Room: AAPM ePoster Library
Purpose: Thermochemical ablation (TCA) is a novel treatment under development for hepatocellular carcinoma. In TCA, an acid and base are delivered simultaneously via a catheter localized within the tumor. The reagents react at the catheter tip, producing salt, water and heat products, inducing tumor ablation. TCA treatment monitoring is challenging with typical reagents (i.e. NaOH and HCl) not imageable. This can be overcome with CsOH as a base with theranostic properties.
Methods: Seven CsOH standards (0.195-125 mM) were made by serial dilution and placed into an elliptical phantom (Multi-Energy CT Phantom, Kyoto Kagaku). Images were acquired on a split-filter DECT system (Definition Edge, Siemens Healthineers) at 120 kVp, Au/Sn filter, and CTDIvol 13.6 mGy. The limit of detection was determined according to published methods.
Ablation simulations were performed in ex-vivo tissue. Image acquisition is described above. Five CsOH standards (6.0-50 mM) were placed within the scan field of view to develop a calibration plot. 0.5 mL injections of 6.0-50 mM CsOH were performed. 40 keV monoenergetic images were generated on Syngo Via. Line profiles were obtained with ImageJ (NIH, Bethesda, MD) through the ablation zone.
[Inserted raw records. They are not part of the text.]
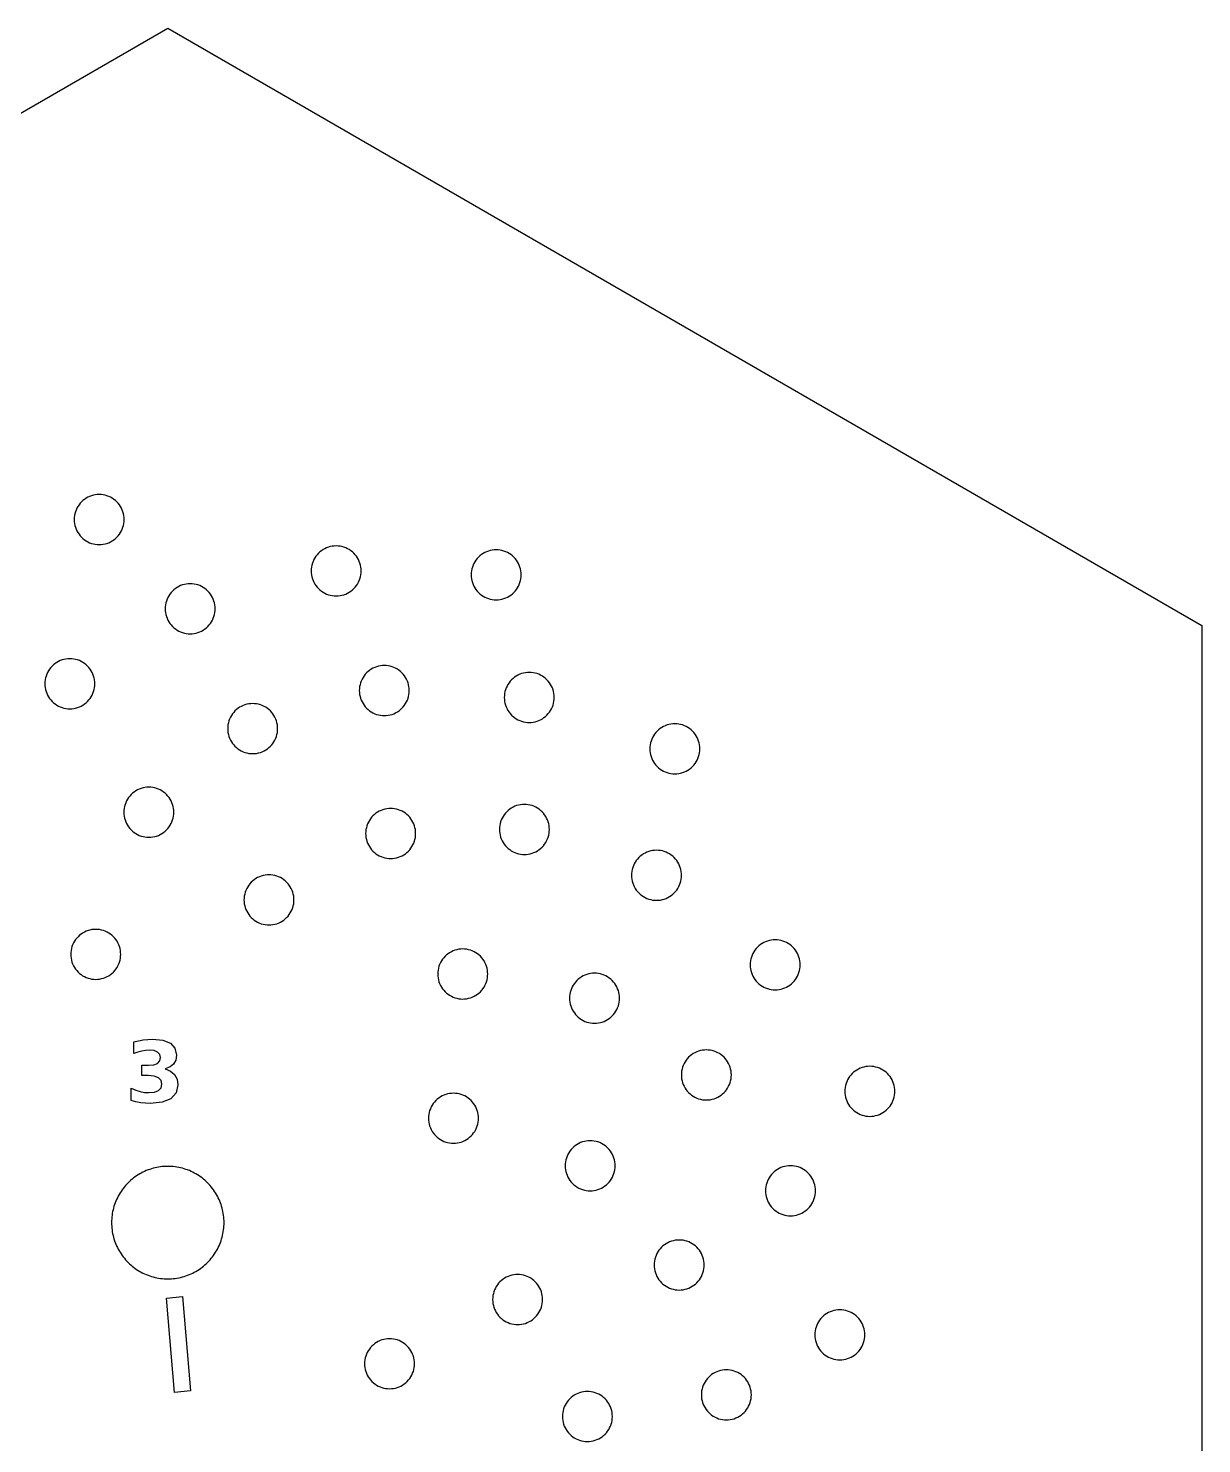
# Model space of a CAD drawing. Header units: millimetres. Extents: x 0 to 377, y 0 to 280.
# Drawn here: x 310.9 to 376.6, y 200.8 to 280 of the extents above; entities that cross this region are included whole.
import ezdxf

# ---------------------------------------------------------------- set-up
doc = ezdxf.new("R2010")
doc.units = ezdxf.units.MM
doc.layers.add('CUT', color=1, linetype='Continuous')
doc.layers.add('ENGRAVE', color=7, linetype='Continuous')

msp = doc.modelspace()

# ---------------------------------------------------------------- linework, layer by layer
at = {"layer": 'CUT'}
for points in [[(376.58, 179.7), (318.672, 146.267), (260.764, 179.7), (260.764, 246.567), (318.672, 280), (376.58, 246.567), (376.58, 179.7)], [(316.078, 251.86), (316.124, 251.96), (316.162, 252.063), (316.192, 252.169), (316.213, 252.276), (316.226, 252.386), (316.23, 252.495), (316.226, 252.605), (316.213, 252.714), (316.192, 252.822), (316.162, 252.928), (316.124, 253.031), (316.078, 253.131), (316.024, 253.227), (315.963, 253.318), (315.895, 253.405), (315.82, 253.485), (315.74, 253.56), (315.653, 253.628), (315.562, 253.689), (315.466, 253.743), (315.366, 253.789), (315.263, 253.827), (315.157, 253.857), (315.049, 253.878), (314.94, 253.891), (314.83, 253.895), (314.721, 253.891), (314.611, 253.878), (314.504, 253.857), (314.398, 253.827), (314.295, 253.789), (314.195, 253.743), (314.099, 253.689), (314.007, 253.628), (313.921, 253.56), (313.84, 253.485), (313.766, 253.405), (313.698, 253.318), (313.637, 253.227), (313.583, 253.131), (313.537, 253.031), (313.499, 252.928), (313.469, 252.822), (313.448, 252.714), (313.435, 252.605), (313.43, 252.495), (313.435, 252.386), (313.448, 252.276), (313.469, 252.169), (313.499, 252.063), (313.537, 251.96), (313.583, 251.86), (313.637, 251.764), (313.698, 251.672), (313.766, 251.586), (313.84, 251.505), (313.921, 251.431), (314.007, 251.363), (314.099, 251.302), (314.195, 251.248), (314.295, 251.202), (314.398, 251.164), (314.504, 251.134), (314.611, 251.113), (314.721, 251.1), (314.83, 251.095), (314.94, 251.1), (315.049, 251.113), (315.157, 251.134), (315.263, 251.164), (315.366, 251.202), (315.466, 251.248), (315.562, 251.302), (315.653, 251.363), (315.74, 251.431), (315.82, 251.505), (315.895, 251.586), (315.963, 251.672), (316.024, 251.764), (316.078, 251.86)], [(329.347, 248.983), (329.393, 249.083), (329.431, 249.186), (329.461, 249.292), (329.482, 249.4), (329.495, 249.509), (329.5, 249.619), (329.495, 249.729), (329.482, 249.838), (329.461, 249.946), (329.431, 250.051), (329.393, 250.155), (329.347, 250.254), (329.293, 250.35), (329.232, 250.442), (329.164, 250.528), (329.089, 250.609), (329.009, 250.683), (328.922, 250.751), (328.831, 250.813), (328.735, 250.866), (328.635, 250.912), (328.532, 250.95), (328.426, 250.98), (328.319, 251.002), (328.209, 251.014), (328.1, 251.019), (327.99, 251.014), (327.881, 251.002), (327.773, 250.98), (327.667, 250.95), (327.564, 250.912), (327.464, 250.866), (327.368, 250.813), (327.277, 250.751), (327.19, 250.683), (327.11, 250.609), (327.035, 250.528), (326.967, 250.442), (326.906, 250.35), (326.852, 250.254), (326.806, 250.155), (326.768, 250.051), (326.738, 249.946), (326.717, 249.838), (326.704, 249.729), (326.7, 249.619), (326.704, 249.509), (326.717, 249.4), (326.738, 249.292), (326.768, 249.186), (326.806, 249.083), (326.852, 248.983), (326.906, 248.887), (326.967, 248.796), (327.035, 248.71), (327.11, 248.629), (327.19, 248.554), (327.277, 248.486), (327.368, 248.425), (327.464, 248.371), (327.564, 248.325), (327.667, 248.287), (327.773, 248.257), (327.881, 248.236), (327.99, 248.223), (328.1, 248.219), (328.209, 248.223), (328.319, 248.236), (328.426, 248.257), (328.532, 248.287), (328.635, 248.325), (328.735, 248.371), (328.831, 248.425), (328.922, 248.486), (329.009, 248.554), (329.089, 248.629), (329.164, 248.71), (329.232, 248.796), (329.293, 248.887), (329.347, 248.983)], [(338.309, 248.766), (338.355, 248.866), (338.393, 248.969), (338.423, 249.075), (338.444, 249.183), (338.457, 249.292), (338.462, 249.402), (338.457, 249.511), (338.444, 249.621), (338.423, 249.728), (338.393, 249.834), (338.355, 249.937), (338.309, 250.037), (338.255, 250.133), (338.194, 250.225), (338.126, 250.311), (338.051, 250.392), (337.971, 250.466), (337.884, 250.534), (337.793, 250.595), (337.697, 250.649), (337.597, 250.695), (337.494, 250.733), (337.388, 250.763), (337.281, 250.784), (337.171, 250.797), (337.062, 250.802), (336.952, 250.797), (336.843, 250.784), (336.735, 250.763), (336.629, 250.733), (336.526, 250.695), (336.426, 250.649), (336.33, 250.595), (336.239, 250.534), (336.152, 250.466), (336.072, 250.392), (335.997, 250.311), (335.929, 250.225), (335.868, 250.133), (335.814, 250.037), (335.768, 249.937), (335.73, 249.834), (335.7, 249.728), (335.679, 249.621), (335.666, 249.511), (335.662, 249.402), (335.666, 249.292), (335.679, 249.183), (335.7, 249.075), (335.73, 248.969), (335.768, 248.866), (335.814, 248.766), (335.868, 248.67), (335.929, 248.579), (335.997, 248.492), (336.072, 248.412), (336.152, 248.337), (336.239, 248.269), (336.33, 248.208), (336.426, 248.154), (336.526, 248.108), (336.629, 248.07), (336.735, 248.04), (336.843, 248.019), (336.952, 248.006), (337.062, 248.002), (337.171, 248.006), (337.281, 248.019), (337.388, 248.04), (337.494, 248.07), (337.597, 248.108), (337.697, 248.154), (337.793, 248.208), (337.884, 248.269), (337.971, 248.337), (338.051, 248.412), (338.126, 248.492), (338.194, 248.579), (338.255, 248.67), (338.309, 248.766)], [(321.219, 246.967), (321.257, 247.07), (321.287, 247.176), (321.308, 247.284), (321.321, 247.393), (321.326, 247.503), (321.321, 247.613), (321.308, 247.722), (321.287, 247.83), (321.257, 247.936), (321.219, 248.039), (321.173, 248.139), (321.119, 248.234), (321.058, 248.326), (320.99, 248.412), (320.916, 248.493), (320.835, 248.567), (320.748, 248.636), (320.657, 248.697), (320.561, 248.75), (320.461, 248.796), (320.358, 248.834), (320.252, 248.864), (320.145, 248.886), (320.035, 248.899), (319.926, 248.903), (319.816, 248.899), (319.707, 248.886), (319.599, 248.864), (319.493, 248.834), (319.39, 248.796), (319.29, 248.75), (319.194, 248.697), (319.103, 248.636), (319.016, 248.567), (318.936, 248.493), (318.861, 248.412), (318.793, 248.326), (318.732, 248.234), (318.678, 248.139), (318.632, 248.039), (318.594, 247.936), (318.564, 247.83), (318.543, 247.722), (318.53, 247.613), (318.526, 247.503), (318.53, 247.393), (318.543, 247.284), (318.564, 247.176), (318.594, 247.07), (318.632, 246.967), (318.678, 246.867), (318.732, 246.771), (318.793, 246.68), (318.861, 246.594), (318.936, 246.513), (319.016, 246.438), (319.103, 246.37), (319.194, 246.309), (319.29, 246.256), (319.39, 246.209), (319.493, 246.171), (319.599, 246.142), (319.707, 246.12), (319.816, 246.107), (319.926, 246.103), (320.035, 246.107), (320.145, 246.12), (320.252, 246.142), (320.358, 246.171), (320.461, 246.209), (320.561, 246.256), (320.657, 246.309), (320.748, 246.37), (320.835, 246.438), (320.916, 246.513), (320.99, 246.594), (321.058, 246.68), (321.119, 246.771), (321.173, 246.867), (321.219, 246.967)], [(314.477, 242.768), (314.515, 242.871), (314.545, 242.977), (314.566, 243.085), (314.579, 243.194), (314.584, 243.304), (314.579, 243.414), (314.566, 243.523), (314.545, 243.631), (314.515, 243.737), (314.477, 243.84), (314.431, 243.939), (314.377, 244.035), (314.316, 244.127), (314.248, 244.213), (314.173, 244.294), (314.093, 244.368), (314.006, 244.437), (313.915, 244.498), (313.819, 244.551), (313.719, 244.597), (313.616, 244.635), (313.51, 244.665), (313.403, 244.687), (313.293, 244.7), (313.184, 244.704), (313.074, 244.7), (312.965, 244.687), (312.857, 244.665), (312.751, 244.635), (312.648, 244.597), (312.548, 244.551), (312.452, 244.498), (312.361, 244.437), (312.274, 244.368), (312.194, 244.294), (312.119, 244.213), (312.051, 244.127), (311.99, 244.035), (311.936, 243.939), (311.89, 243.84), (311.852, 243.737), (311.822, 243.631), (311.801, 243.523), (311.788, 243.414), (311.784, 243.304), (311.788, 243.194), (311.801, 243.085), (311.822, 242.977), (311.852, 242.871), (311.89, 242.768), (311.936, 242.668), (311.99, 242.572), (312.051, 242.481), (312.119, 242.395), (312.194, 242.314), (312.274, 242.239), (312.361, 242.171), (312.452, 242.11), (312.548, 242.057), (312.648, 242.01), (312.751, 241.972), (312.857, 241.943), (312.965, 241.921), (313.074, 241.908), (313.184, 241.904), (313.293, 241.908), (313.403, 241.921), (313.51, 241.943), (313.616, 241.972), (313.719, 242.01), (313.819, 242.057), (313.915, 242.11), (314.006, 242.171), (314.093, 242.239), (314.173, 242.314), (314.248, 242.395), (314.316, 242.481), (314.377, 242.572), (314.431, 242.668), (314.477, 242.768)], [(332.046, 242.286), (332.092, 242.386), (332.13, 242.489), (332.16, 242.595), (332.181, 242.703), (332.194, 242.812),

Results: The limit of detection for CsOH is 7.8 mM in phantom. HU value correlated strongly with CsOH concentration (R²=0.999). The peak HU values were 375 HU and 175 HU for ablation simulation in tissue at 50 and 25 mM CsOH, respectively. Decreasing concentration from the injection site is illustrated in the line profile across a linear distance of approximately 10-12 mm. Concentrations as low as 25mM were visually identified and confirmed by line profile in tissue.
Conclusion: This work demonstrates CsOH as a viable theranostic agent for image-guided TCA interventions. Accurate spatial distribution of concentration is achieved with DECT for monitoring and assuring complete tumor ablation.